Bei Schleifkommutierung wiederum kommt es zu Schwingungen, die aus dem System Feder-Kohlebürste beim Übergang von Lamelle zu Lamelle entstehen. Ebenso können Schwingungen dadurch generiert werden, dass die Bürste zu Schwingungen über unterschiedliche Reibwerte und damit Reibkräfte auf dem Kollektor angeregt wird, ähnlich wie bei einem Geigenbogen, der über die Saite streicht. Dies macht sich durch Pfeifgeräusche im Bereich 3 bis 10 kHz bemerkbar.

Zweite Ursache für die Vibrationsanregung: Die mechanisch erzeugten Schwingungen. Diese Art der Anregung durch Unwucht im Läufer oder nicht vollständig symmetrische Lagerung ist eine weitere Quelle für Störungen. Gleitlager können bei intermittierender mechanischer Berührung von Welle und Lauffläche Geräusche verursachen. Dies gilt vor allem bei Anlauf, zu großer Radialkraft, unrunder Welle bzw. Lagerbuchse und Schiefstand der Welle. Die Folge der Berührungen sind Schwingungen mit sehr vielen Frequenzen im Hörbereich, bei denen vor allem die Drehfrequenz und deren Vielfache besonders stark hervortreten.

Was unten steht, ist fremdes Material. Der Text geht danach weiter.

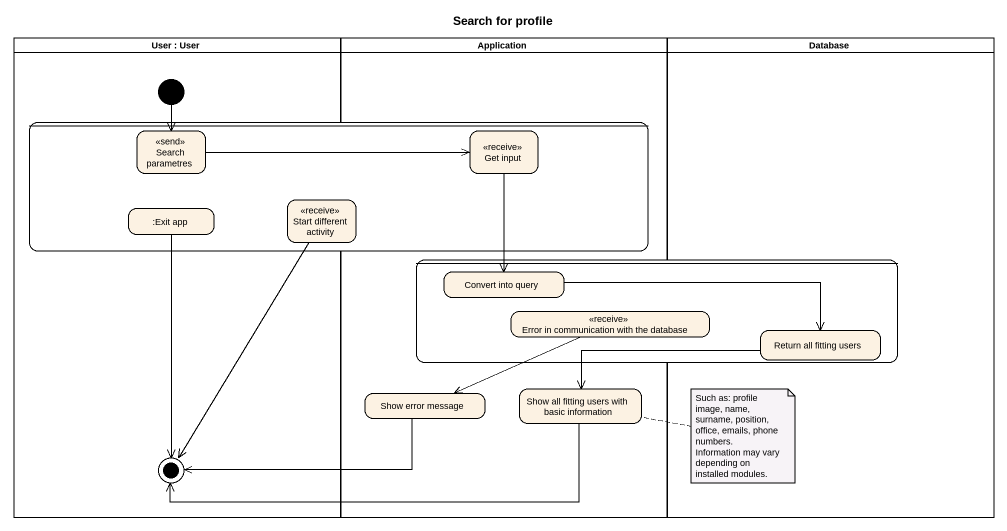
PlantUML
@startuml
title Search for profile
hide empty description
state "User : User" as User <<partition>> {
  state initial1 <<start>>
  state final1 <<end>>
}
state Application <<partition>> {
  state "Show error message" as Show_error_message
  state "Show all fitting users with basic information" as Show_all_fitting_users_with
}
state "Database" as Database_ <<partition>>
state " " as state1 {
  state "Search parametres" as Search_parametres <<send>>
  state "Get input" as Get_input <<receive>>
  state ":Exit app" as Exit_app
  state "Start different activity" as Start_different_activity <<receive>>
}
state " " as state2 {
  state "Convert into query" as Convert_into_query
  state "Error in communication with the database" as Error_in_communication_with <<receive>>
  state "Return all fitting users" as Return_all_fitting_users
}
initial1 --> Search_parametres
Search_parametres -right-> Get_input
Get_input --> Convert_into_query
Exit_app --> final1
Start_different_activity --> final1
Convert_into_query -right-> Return_all_fitting_users
Error_in_communication_with -left-> Show_error_message
Return_all_fitting_users -left-> Show_all_fitting_users_with
Show_error_message -left-> final1
Show_all_fitting_users_with -left-> final1
note right of Show_all_fitting_users_with
  Such as: profile image, name, surname, position, office, emails, phone numbers.
  Information may vary depending on installed modules.
end note
@enduml

Bei Kugellagern rollen Wälzkörper auf einem Innen- bzw. Außenring mit mechanischer Berührung ab. Bei idealer Lauffläche aller Partner entsteht ein breites Frequenzspektrum wegen elastischer Verformungen durch umlaufende Kräfte. Bei radialer Lagerluft, Schäden an den Oberflächen der Laufbahnen durch Fertigungsfehler oder Materialermüdung bzw. Überlastschäden können die Kugeln der idealen Laufbahn nicht mehr folgen. Bei manchen Drehzahlen laufen sie dann u.U. sogar im Gleichtakt auf einer Wellenlinie statt auf einer Kreisbahn, was zu selbsterregten Axialschwingungen des Lagerschildes führt. Unvermeidbare Unwucht im Rotor führt zwangsläufig durch die hohe Drehzahl von 10.000 bis 100.000 U/min bei Kleinstantrieben zu erheblichen Fliehkräften, d.h. zu umlaufenden Radialkräften. So ergeben sich größere oder kleinere radiale Auslenkungen der Lagerstelle, die sich auch als rütteln oder taumeln bemerkbar machen können und ebenfalls schwingungsanregend wirken.